Variations for High-Protein Egg Salad
The beauty of this High-Protein Egg Salad is its flexibility. Feel free to mix and match ingredients according to what’s in your pantry, your dietary needs, or just what you love best.
- Avocado Twist: Replace Greek yogurt with mashed avocado for healthy fats and creaminess.
- Spicy Kick: Add a dash of hot sauce or cayenne pepper for those who love a little heat.
- Crunchy Nuts: Toss in chopped walnuts or almonds for added texture and nutrients.
- Herb Medley: Mix fresh basil and tarragon instead of dill for an aromatic twist.
- Smoked Salmon Addition: Fold in flaked smoked salmon for a more luxurious, protein-rich salad.
How to Make High-Protein Egg Salad
Step 1: Boil the Eggs
Place eggs in a saucepan and cover with cold water. Bring to a gentle boil, then let them cook for about 10-12 minutes for hard-boiled perfection. Immediately transfer to an ice bath to stop the cooking process and make peeling easier.
Step 2: Prepare the Mix-Ins
While the eggs cool, finely chop celery and green onions. If using herbs, chop those now too. This ensures everything is ready to combine once the eggs are peeled.
Step 3: Peel and Chop the Eggs
Gently peel the eggs and chop them into bite-sized chunks. Try to keep the pieces fairly uniform to provide a nice texture throughout the salad.
Step 4: Combine and Mix
In a bowl, combine the chopped eggs, celery, green onions, and any optional ingredients you chose. Stir in Greek yogurt, Dijon mustard, salt, and pepper until everything is evenly coated.
Step 5: Taste and Adjust
Give your salad a taste and add additional seasoning or herbs if needed. You want a balanced flavor where creaminess, tang, and crunch all shine.
Pro Tips for Making High-Protein Egg Salad
- Perfectly Cooked Eggs: Use the ice bath trick to avoid overcooked yolks and achieve the ideal texture.
- Chill Before Serving: Letting the salad sit in the fridge for 30 minutes enhances flavors and melds ingredients beautifully.
- Don’t Over-Mix: Stir gently to keep the eggs chunky and prevent the salad from becoming mushy.
- Fresh Ingredients Matter: Use crisp celery and freshly chopped herbs for maximum flavor and crunch.
- Customize Protein Boost: Add extras like chickpeas or cottage cheese for an even higher protein punch.
How to Serve High-Protein Egg Salad
Garnishes
Sprinkle chopped fresh dill or paprika on top for a color and flavor boost that makes your dish look and taste amazing.
Side Dishes
Pair your egg salad with whole grain crackers, fresh veggie sticks, or a leafy green salad to create a balanced meal.
Creative Ways to Present
Serve in avocado halves, stuff into whole wheat pita pockets, or pile onto slices of toasted sourdough bread for an elevated presentation.
Make Ahead and Storage
Storing Leftovers
Keep your high-protein egg salad in an airtight container in the refrigerator for up to 3 days to maintain freshness and flavor.
Freezing
Freezing egg salad is generally not recommended because it can change the texture of the eggs and yogurt, making them watery and grainy upon thawing.
Reheating
This dish is best enjoyed cold or at room temperature; reheating isn’t necessary and can affect the creaminess and texture.
FAQs
Can I use regular mayonnaise instead of Greek yogurt?
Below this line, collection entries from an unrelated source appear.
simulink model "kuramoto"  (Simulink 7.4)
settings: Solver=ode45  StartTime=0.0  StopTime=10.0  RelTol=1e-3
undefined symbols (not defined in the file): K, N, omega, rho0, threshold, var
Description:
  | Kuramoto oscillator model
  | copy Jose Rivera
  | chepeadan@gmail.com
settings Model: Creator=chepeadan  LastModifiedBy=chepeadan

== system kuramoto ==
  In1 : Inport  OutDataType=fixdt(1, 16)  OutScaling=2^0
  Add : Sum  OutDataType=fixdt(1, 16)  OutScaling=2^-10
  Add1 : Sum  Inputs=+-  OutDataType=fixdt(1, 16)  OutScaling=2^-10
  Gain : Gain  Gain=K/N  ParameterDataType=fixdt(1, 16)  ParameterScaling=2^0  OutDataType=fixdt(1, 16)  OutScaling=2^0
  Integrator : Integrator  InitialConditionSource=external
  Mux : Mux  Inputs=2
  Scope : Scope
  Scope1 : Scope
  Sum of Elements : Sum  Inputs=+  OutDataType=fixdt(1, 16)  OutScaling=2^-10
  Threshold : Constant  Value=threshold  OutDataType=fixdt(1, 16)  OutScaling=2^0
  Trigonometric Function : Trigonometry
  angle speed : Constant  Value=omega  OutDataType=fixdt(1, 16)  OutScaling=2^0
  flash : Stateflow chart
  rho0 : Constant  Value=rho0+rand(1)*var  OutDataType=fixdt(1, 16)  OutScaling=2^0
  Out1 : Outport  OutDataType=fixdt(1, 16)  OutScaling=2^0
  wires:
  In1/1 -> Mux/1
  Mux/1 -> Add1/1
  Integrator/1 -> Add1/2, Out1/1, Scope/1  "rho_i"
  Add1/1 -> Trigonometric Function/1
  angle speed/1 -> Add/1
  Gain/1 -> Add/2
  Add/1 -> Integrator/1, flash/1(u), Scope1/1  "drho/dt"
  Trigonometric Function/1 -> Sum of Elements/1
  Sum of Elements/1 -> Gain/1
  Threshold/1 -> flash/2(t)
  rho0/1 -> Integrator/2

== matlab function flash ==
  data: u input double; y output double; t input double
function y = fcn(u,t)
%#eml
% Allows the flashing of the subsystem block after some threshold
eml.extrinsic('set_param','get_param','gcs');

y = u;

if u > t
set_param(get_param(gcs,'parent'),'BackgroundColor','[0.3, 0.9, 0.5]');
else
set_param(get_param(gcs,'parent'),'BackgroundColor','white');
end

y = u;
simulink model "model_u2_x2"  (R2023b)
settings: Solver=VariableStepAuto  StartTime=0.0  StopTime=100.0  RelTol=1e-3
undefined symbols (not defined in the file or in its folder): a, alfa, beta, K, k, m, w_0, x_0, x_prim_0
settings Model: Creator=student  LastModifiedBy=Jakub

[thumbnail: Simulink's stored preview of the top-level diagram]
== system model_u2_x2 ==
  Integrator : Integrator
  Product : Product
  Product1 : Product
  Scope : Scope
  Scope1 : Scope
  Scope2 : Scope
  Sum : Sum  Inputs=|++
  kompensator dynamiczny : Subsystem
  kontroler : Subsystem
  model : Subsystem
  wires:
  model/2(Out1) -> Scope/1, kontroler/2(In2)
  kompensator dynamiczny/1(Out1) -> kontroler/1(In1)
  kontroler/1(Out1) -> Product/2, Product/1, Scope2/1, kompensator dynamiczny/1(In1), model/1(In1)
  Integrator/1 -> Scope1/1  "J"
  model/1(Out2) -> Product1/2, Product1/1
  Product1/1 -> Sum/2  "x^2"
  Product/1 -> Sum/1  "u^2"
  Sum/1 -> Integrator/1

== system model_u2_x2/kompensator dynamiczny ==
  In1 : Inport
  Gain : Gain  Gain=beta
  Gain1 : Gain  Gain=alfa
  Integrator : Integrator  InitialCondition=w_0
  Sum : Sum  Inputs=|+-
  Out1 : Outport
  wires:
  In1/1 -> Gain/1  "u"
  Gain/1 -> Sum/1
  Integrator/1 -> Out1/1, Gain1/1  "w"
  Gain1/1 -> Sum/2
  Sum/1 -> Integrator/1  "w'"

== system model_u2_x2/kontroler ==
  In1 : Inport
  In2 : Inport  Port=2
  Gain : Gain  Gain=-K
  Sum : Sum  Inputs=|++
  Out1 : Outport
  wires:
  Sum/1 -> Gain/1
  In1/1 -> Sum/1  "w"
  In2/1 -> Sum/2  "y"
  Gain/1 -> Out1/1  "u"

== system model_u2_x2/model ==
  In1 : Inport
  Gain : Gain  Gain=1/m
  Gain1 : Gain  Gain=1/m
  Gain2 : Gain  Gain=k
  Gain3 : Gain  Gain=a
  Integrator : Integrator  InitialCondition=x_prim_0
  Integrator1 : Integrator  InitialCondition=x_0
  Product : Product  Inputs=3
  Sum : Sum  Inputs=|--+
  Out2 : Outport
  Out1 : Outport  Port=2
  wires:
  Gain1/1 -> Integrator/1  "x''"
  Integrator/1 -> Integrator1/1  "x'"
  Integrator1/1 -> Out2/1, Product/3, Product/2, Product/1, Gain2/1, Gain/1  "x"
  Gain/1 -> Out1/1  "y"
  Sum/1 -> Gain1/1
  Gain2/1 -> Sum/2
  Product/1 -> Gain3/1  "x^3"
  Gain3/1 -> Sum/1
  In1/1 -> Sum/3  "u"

Absolutely! Mayonnaise will make the salad richer and creamier but will also increase the fat content. Greek yogurt is a healthier alternative with added protein.
How many eggs should I use for this recipe?
A good standard is about 6 large eggs, which provides a generous amount of protein while keeping the salad manageable in portion size.
Is this recipe suitable for meal prep?
Yes, it holds up well for up to three days in the fridge, making it perfect for preparing your lunches or snacks ahead of time.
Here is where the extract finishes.